Go to the line in the entries below that holds "circle A8 centre" and repeat exactly from there through the line that holds "point P18 (43.6666, -20.6834)", inclusive.
─── Given data ───
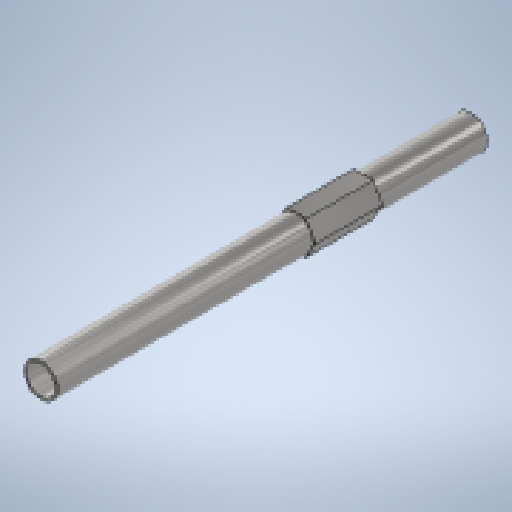
# Autodesk Inventor part: Shaft
Saved by Autodesk Inventor 2023.2 (Build 272271000, 271)
## iProperties
Created: 2024-03-17
Part Number: Shaft
Material: Stainless Steel
Document SubType Name: Modeling
Designer: Nathan Cai
Mass: 11.5588 g
Surface Area: 47.5925 cm^2
Volume: 1.44485 cm^3
Density: 8 g/cm^3
Appearance: Semi-Polished
Author: Nathan Cai
Autodesk Inventor part; units mm, degrees
ref_plane "YZ Plane" through (0, 0, 0) normal (1, 0, 0) x (0, 1, 0)
ref_plane "XZ Plane" through (0, 0, 0) normal (0, 1, 0) x (-1, 0, 0)
sketch "Sketch1" plane through (0, 0, 0) normal (0, 0, 1) x (1, 0, 0)
  line L0 (2.2914, 3.9688) -> (4.5827, 0)
  line L1 (4.5827, 0) -> (2.2914, -3.9687)
  line L2 (2.2914, -3.9687) -> (-2.2914, -3.9687)
  line L3 (-2.2914, -3.9687) -> (-4.5827, 0)
  line L4 (-4.5827, 0) -> (-2.2914, 3.9688)
  line L5 (-2.2914, 3.9688) -> (2.2914, 3.9688)
  circle A0 centre (0, 0) radius 3.375
  dimension "d0" = 7.9375
  dimension "d1" = 6.75
  constraints: 12 end point, 2 coincident, 1 centre point, 1 horizontal, 13 other
  measures "d0" distance between parallel lines of L2 L5
  measures "d1" diameter of A0
extrude "Extrusion1" add sketch "Sketch1" along normal blind 101.6
sketch "Sketch2" plane through (0, 0, 0) normal (0, 0, -1) x (-1, 0, 0)
  circle A0 centre (0, 0) radius 3.925
  line L0 (2.2914, 3.9688) -> (4.5827, 0) projected
  line L1 (-2.2914, 3.9688) -> (2.2914, 3.9688) projected
  line L2 (-4.5827, 0) -> (-2.2914, 3.9688) projected
  line L3 (-2.2914, -3.9687) -> (-4.5827, 0) projected
  line L4 (2.2914, -3.9687) -> (-2.2914, -3.9687) projected
  line L5 (4.5827, 0) -> (2.2914, -3.9687) projected
  circle A1 centre (0, 0) radius 3.375 projected
  dimension "d4" = 7.85
  constraints: 1 centre point, 1 coincident
  measures "d4" diameter of A0
extrude "Extrusion2" cut sketch "Sketch2" against normal blind 25.4 contours L0 L5 L4 L3 L2 L1
ref_plane "Work Plane1" through (0, 0, 41.275) normal (0, 0, -1) x (-1, 0, 0)
sketch "Sketch3" plane through (0, 0, 41.275) normal (0, 0, -1) x (-1, 0, 0)
  line L0 (-4.5827, 0) -> (-2.2914, 3.9688) projected
  line L1 (-2.2914, -3.9687) -> (-4.5827, 0) projected
  line L2 (2.2914, -3.9687) -> (-2.2914, -3.9687) projected
  line L3 (4.5827, 0) -> (2.2914, -3.9687) projected
  line L4 (2.2914, 3.9688) -> (4.5827, 0) projected
  line L5 (-2.2914, 3.9688) -> (2.2914, 3.9688) projected
  circle A0 centre (0, 0) radius 3.925 projected
  circle A1 centre (0, 0) radius 3.9688
  point P0 (-3.437, -1.9844)
  point P1 (-3.437, 1.9844)
  point P2 (0, 3.9688)
  point P3 (3.437, 1.9844)
  point P4 (3.437, -1.9844)
  point P5 (0, -3.9688)
  constraints: 1 centre point, 1 coincident, 1 tangent
extrude "Extrusion3" cut sketch "Sketch3" against normal through all contours L0 A1 L1 | L0 L5 A1 | A1 L2 L1 | L5 L4 A1 | A1 L3 L2 | L4 L3 A1
body "Solid1"
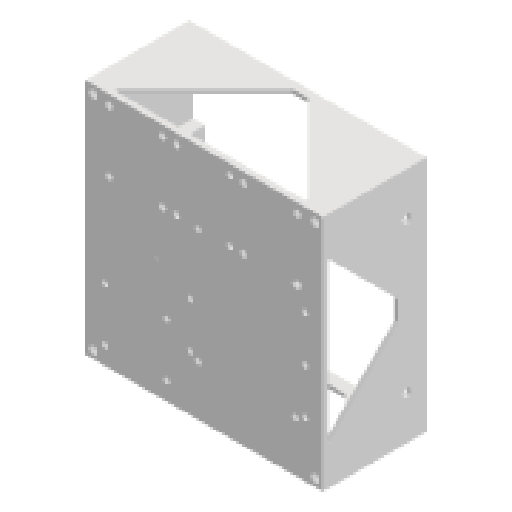
# Autodesk Inventor part: Bottom_carriage
Saved by Autodesk Inventor 2023 (Build 270158000, 158)
## iProperties
Created: 2021-02-01
Part Number: Bottom_carriage
Material: Generic
Document SubType Name: Modeling
Designer: CDT
Density: 1 g/cm^3
Appearance: Default
Author: CDT
Autodesk Inventor part; units mm, degrees
ref_plane "YZ Plane" through (0, 0, 0) normal (1, 0, 0) x (0, 1, 0)
ref_plane "XZ Plane" through (0, 0, 0) normal (0, 1, 0) x (-1, 0, 0)
ref_plane "XY Plane" through (0, 0, 0) normal (0, 0, 1) x (1, 0, 0)
sketch "Sketch1" plane through (0, 0, 0) normal (0, 0, 1) x (1, 0, 0)
  circle A0 centre (-66.09, 56.1166) radius 2
  circle A1 centre (45.91, 56.1166) radius 2
  circle A2 centre (45.91, -55.8834) radius 2
  circle A3 centre (-66.09, -55.8834) radius 2
  line L0 (49.91, -59.8834) -> (-70.09, -59.8834)
  line L1 (-70.09, -59.8834) -> (-70.09, 60.1166)
  line L2 (-70.09, 60.1166) -> (49.91, 60.1166)
  line L3 (49.91, 60.1166) -> (49.91, -59.8834)
  point P0 (0, 0)
  point P1 (-50.09, -79.8834)
  dimension "d11" = 4
  dimension "d12" = 4
  dimension "d13" = 4
  dimension "d14" = 4
  dimension "d150" = 4
  dimension "d151" = 4
  dimension "d152" = 4
  dimension "d153" = 4
  dimension "d154" = 4
  dimension "d155" = 4
  dimension "d156" = 4
  dimension "d157" = 4
  dimension "d158" = 120
  dimension "d159" = 120
  constraints: 8 end point, 4 centre point, 2 parallel, 1 horizontal, 1 perpendicular
  measures "d11" diameter of A0
  measures "d12" diameter of A1
  measures "d13" diameter of A2
  measures "d14" diameter of A3
  measures "d150" distance from line of L3 A2.centre
  measures "d151" distance from line of L0 A2.centre
  measures "d152" distance from line of L1 A3.centre
  measures "d153" distance from line of A3.centre L0
  measures "d154" distance from line of A0.centre L1
  measures "d155" distance from line of A0.centre L2
  measures "d156" distance from line of A1.centre L2
  measures "d157" distance from line of A1.centre L3
  measures "d158" distance of L1.end L2.end
  measures "d159" distance of L2.end L0.start
extrude "Extrusion1" add sketch "Sketch1" along normal blind 2
sketch "Sketch2" plane through (0, 0, 2) normal (0, 0, 1) x (1, 0, 0)
  line L0 (49.91, -59.8834) -> (49.91, -71.8834) projected
  line L1 (-70.09, 60.1166) -> (49.91, 60.1166)
  line L2 (49.91, 60.1166) -> (49.91, -59.8834)
  line L3 (49.91, -59.8834) -> (-70.09, -59.8834)
  line L4 (-70.09, -59.8834) -> (-70.09, 60.1166)
  circle A0 centre (-66.09, -55.8834) radius 2 projected
  circle A1 centre (-66.09, -55.8834) radius 2
  circle A2 centre (45.91, -55.8834) radius 2 projected
  circle A3 centre (45.91, -55.8834) radius 2
  circle A4 centre (45.91, 56.1166) radius 2 projected
  circle A5 centre (45.91, 56.1166) radius 2
  circle A6 centre (-66.09, 56.1166) radius 2 projected
  circle A7 centre (-66.09, 56.1166) radius 2
  constraints: 8 end point, 4 centre point, 4 coincident, 2 parallel, 1 horizontal, 1 perpendicular
extrude "Extrusion2" add sketch "Sketch2" along normal blind 0.5
sketch "Sketch8" plane through (0, 0, 0) normal (0, 0, -1) x (-1, 0, 0)
  circle A0 centre (-36.91, 24.1166) radius 1.75
  circle A1 centre (-36.91, 55.1166) radius 1.75
  circle A2 centre (-9.91, 24.1166) radius 1.75
  circle A3 centre (-9.91, 55.1166) radius 1.75
  line L0 (-49.91, -59.8834) -> (-49.91, 60.1166) projected
  line L1 (-49.91, 60.1166) -> (70.09, 60.1166) projected
  line L2 (70.09, -59.8834) -> (-49.91, -59.8834) projected
  point P0 (0, 0)
  point P1 (50.09, -79.8834)
  dimension "d88" = 3.5
  dimension "d89" = 3.5
  dimension "d90" = 3.5
  dimension "d91" = 3.5
  dimension "d92" = 31
  dimension "d93" = 27
  dimension "d94" = 27
  dimension "d95" = 31
  dimension "d96" = 13
  dimension "d97" = 13
  dimension "d98" = 31
  dimension "d99" = 5
  dimension "d108" = 84
  constraints: 4 centre point, 1 other
  measures "d88" diameter of A0
  measures "d89" diameter of A1
  measures "d90" diameter of A2
  measures "d91" diameter of A3
  measures "d92" distance of A1.centre A0.centre
  measures "d93" distance of A3.centre A1.centre
  measures "d94" distance of A2.centre A0.centre
  measures "d95" distance of A3.centre A2.centre
  measures "d96" distance from line of L0 A1.centre
  measures "d97" distance from line of L0 A0.centre
  measures "d98" vertical distance of A0.centre A3.centre
  measures "d99" distance from line of L1 A1.centre
extrude "Extrusion8" cut sketch "Sketch8" against normal blind 10
sketch "Sketch10" plane through (0, 0, 0) normal (0, 0, -1) x (-1, 0, 0)
  line L0 (70.09, -59.8834) -> (-49.91, -59.8834) projected
  line L1 (-49.91, 60.1166) -> (70.09, 60.1166) projected
  line L2 (-49.91, -59.8834) -> (70.09, -59.8834)
  line L3 (70.09, -59.8834) -> (70.09, 60.1166)
  line L4 (70.09, 60.1166) -> (-49.91, 60.1166)
  line L5 (-49.91, 60.1166) -> (-49.91, -59.8834)
  circle A0 centre (34.09, 0.1166) radius 0.5
  point P0 (0, 0)
  point P1 (-14.41, 60.1166)
  dimension "d127" = 120
  dimension "d128" = 120
  dimension "d129" = 1
  dimension "d130" = 60
  dimension "d131" = 84
  dimension "d166" = 36
  dimension "d167" = 60
  constraints: 8 end point, 2 parallel, 1 centre point, 1 horizontal, 1 perpendicular
  measures "d127" distance of L0.start L0.end
  measures "d128" distance of L2.end L1.end
  measures "d129" diameter of A0
  measures "d130" distance from line of A0.centre L0
  measures "d131" distance from line of A0.centre L5
  measures "d166" distance from line of L3 A0.centre
  measures "d167" distance from line of L1 A0.centre
extrude "Extrusion10" cut sketch "Sketch10" against normal blind 3 contours A0
pattern_linear "Rectangular Pattern4" count 3 spacing 34 along (-1, 0, 0) of "Extrusion8"
sketch "Sketch11" plane through (0, 0, 0) normal (0, 0, -1) x (-1, 0, 0)
  circle A0 centre (42.09, -17.3834) radius 1.475
  circle A1 centre (42.09, -17.3834) radius 3.35
  circle A2 centre (42.09, 17.6166) radius 1.475
  circle A3 centre (42.09, 17.6166) radius 3.35
  line L0 (70.09, 60.1166) -> (70.09, -59.8834) projected
  line L1 (-49.91, 60.1166) -> (70.09, 60.1166) projected
  line L2 (70.09, 60.1166) -> (-49.91, 60.1166)
  line L3 (-49.91, 60.1166) -> (-49.91, -59.8834)
  line L4 (-49.91, -59.8834) -> (70.09, -59.8834)
  line L5 (70.09, -59.8834) -> (70.09, 60.1166)
  circle A4 centre (34.09, 0.1166) radius 0.5 projected
  line L6 (42.09, 17.6166) -> (37.09, 17.6166)
  line L7 (37.09, 17.6166) -> (37.09, 21.0166)
  line L8 (37.09, 21.0166) -> (42.09, 21.0166)
  line L9 (42.09, 21.0166) -> (42.09, 17.6166)
  line L10 (42.09, 17.6166) -> (47.09, 17.6166)
  line L11 (47.09, 17.6166) -> (47.09, 21.0166)
  line L12 (47.09, 21.0166) -> (42.09, 21.0166)
  line L13 (42.09, 21.0166) -> (42.09, 17.6166)
  line L14 (42.09, -17.3834) -> (37.09, -17.3834)
  line L15 (37.09, -17.3834) -> (37.09, -20.7834)
  line L16 (37.09, -20.7834) -> (42.09, -20.7834)
  line L17 (42.09, -20.7834) -> (42.09, -17.3834)
  line L18 (42.09, -17.3834) -> (47.09, -17.3834)
  line L19 (47.09, -17.3834) -> (47.09, -20.7834)
  line L20 (47.09, -20.7834) -> (42.09, -20.7834)
  line L21 (42.09, -20.7834) -> (42.09, -17.3834)
  circle A5 centre (30.09, 17.6166) radius 1.5
  circle A6 centre (30.09, 17.6166) radius 3.5
  circle A7 centre (30.09, -17.3834) radius 1.5
  circle A8 centre (30.09, -17.3834) radius 3.5
  line L22 (30.09, -17.3834) -> (35.09, -17.3834)
  line L23 (35.09, -17.3834) -> (35.09, -20.7834)
  line L24 (35.09, -20.7834) -> (30.09, -20.7834)
  line L25 (30.09, -20.7834) -> (30.09, -17.3834)
  line L26 (30.09, -17.3834) -> (25.09, -17.3834)
  line L27 (25.09, -17.3834) -> (25.09, -20.7834)
  line L28 (25.09, -20.7834) -> (30.09, -20.7834)
  line L29 (30.09, -20.7834) -> (30.09, -17.3834)
  line L30 (30.09, 17.6166) -> (35.09, 17.6166)
  line L31 (35.09, 17.6166) -> (35.09, 21.0166)
  line L32 (35.09, 21.0166) -> (30.09, 21.0166)
  line L33 (30.09, 21.0166) -> (30.09, 17.6166)
  line L34 (30.09, 17.6166) -> (25.09, 17.6166)
  line L35 (25.09, 17.6166) -> (25.09, 21.0166)
  line L36 (25.09, 21.0166) -> (30.09, 21.0166)
  line L37 (30.09, 21.0166) -> (30.09, 17.6166)
  point P0 (0, 0)
  point P1 (50.09, -79.8834)
  point P2 (-14.41, 60.1166)
  point P3 (70.09, -59.8834)
  point P4 (38.74, 17.6166)
  point P5 (45.44, 17.6166)
  point P6 (45.44, -17.3834)
  point P7 (38.74, -17.3834)
  point P8 (26.44, 12.6166)
  point P9 (42.09, 20.9666)
  point P10 (19.74, 12.6166)
  point P11 (42.09, -20.7834)
  point P12 (26.44, -22.3834)
  point P13 (42.09, -20.7334)
  point P14 (19.74, -22.3834)
  point P15 (43.6666, 20.9166)
  point P16 (42.5134, 20.9166)
  point P17 (42.5134, -20.6834)
  point P18 (43.6666, -20.6834)
  point P19 (42.09, -20.7334)
  point P20 (42.09, 20.9666)
  point P21 (33.59, 17.6166)
  point P22 (26.59, 17.6166)
  point P23 (33.59, -17.3834)
  point P24 (26.59, -17.3834)
  dimension "d137" = 2.95
  dimension "d138" = 6.7
  dimension "d139" = 2.95
  dimension "d140" = 6.7
  dimension "d143" = 35
  dimension "d161" = 120
  dimension "d162" = 17.5
  dimension "d163" = 17.5
  dimension "d168" = 5
  dimension "d169" = 3.4
  dimension "d170" = 5
  dimension "d171" = 3.4
  dimension "d172" = 5
  dimension "d173" = 3.4
  dimension "d174" = 5
  dimension "d175" = 3.4
  dimension "d276" = 8
  dimension "d277" = 8
  dimension "d583" = 3
  dimension "d584" = 7
  dimension "d585" = 3
  dimension "d586" = 7
  dimension "d587" = 17.5
  dimension "d589" = 12
  dimension "d590" = 35
  dimension "d592" = 12
  dimension "d593" = 5
  dimension "d594" = 3.4
  dimension "d595" = 5
  dimension "d596" = 3.4
  dimension "d597" = 5
  dimension "d598" = 3.4
  dimension "d599" = 5
  dimension "d600" = 3.4
  constraints: 72 end point, 18 parallel, 9 horizontal, 9 perpendicular, 8 centre point, 4 coincident, 1 other
  measures "d137" diameter of A0
  measures "d138" diameter of A1
  measures "d139" diameter of A2
  measures "d140" diameter of A3
  measures "d143" distance of A0.centre A2.centre
  measures "d161" distance of L3.end L4.end
  measures "d162" vertical distance of A0.centre A4.centre
  measures "d163" vertical distance of A2.centre A4.centre
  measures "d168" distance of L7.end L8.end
───
• **Your response**
  circle A8 centre (30.09, -17.3834) radius 3.5
  line L22 (30.09, -17.3834) -> (35.09, -17.3834)
  line L23 (35.09, -17.3834) -> (35.09, -20.7834)
  line L24 (35.09, -20.7834) -> (30.09, -20.7834)
  line L25 (30.09, -20.7834) -> (30.09, -17.3834)
  line L26 (30.09, -17.3834) -> (25.09, -17.3834)
  line L27 (25.09, -17.3834) -> (25.09, -20.7834)
  line L28 (25.09, -20.7834) -> (30.09, -20.7834)
  line L29 (30.09, -20.7834) -> (30.09, -17.3834)
  line L30 (30.09, 17.6166) -> (35.09, 17.6166)
  line L31 (35.09, 17.6166) -> (35.09, 21.0166)
  line L32 (35.09, 21.0166) -> (30.09, 21.0166)
  line L33 (30.09, 21.0166) -> (30.09, 17.6166)
  line L34 (30.09, 17.6166) -> (25.09, 17.6166)
  line L35 (25.09, 17.6166) -> (25.09, 21.0166)
  line L36 (25.09, 21.0166) -> (30.09, 21.0166)
  line L37 (30.09, 21.0166) -> (30.09, 17.6166)
  point P0 (0, 0)
  point P1 (50.09, -79.8834)
  point P2 (-14.41, 60.1166)
  point P3 (70.09, -59.8834)
  point P4 (38.74, 17.6166)
  point P5 (45.44, 17.6166)
  point P6 (45.44, -17.3834)
  point P7 (38.74, -17.3834)
  point P8 (26.44, 12.6166)
  point P9 (42.09, 20.9666)
  point P10 (19.74, 12.6166)
  point P11 (42.09, -20.7834)
  point P12 (26.44, -22.3834)
  point P13 (42.09, -20.7334)
  point P14 (19.74, -22.3834)
  point P15 (43.6666, 20.9166)
  point P16 (42.5134, 20.9166)
  point P17 (42.5134, -20.6834)
  point P18 (43.6666, -20.6834)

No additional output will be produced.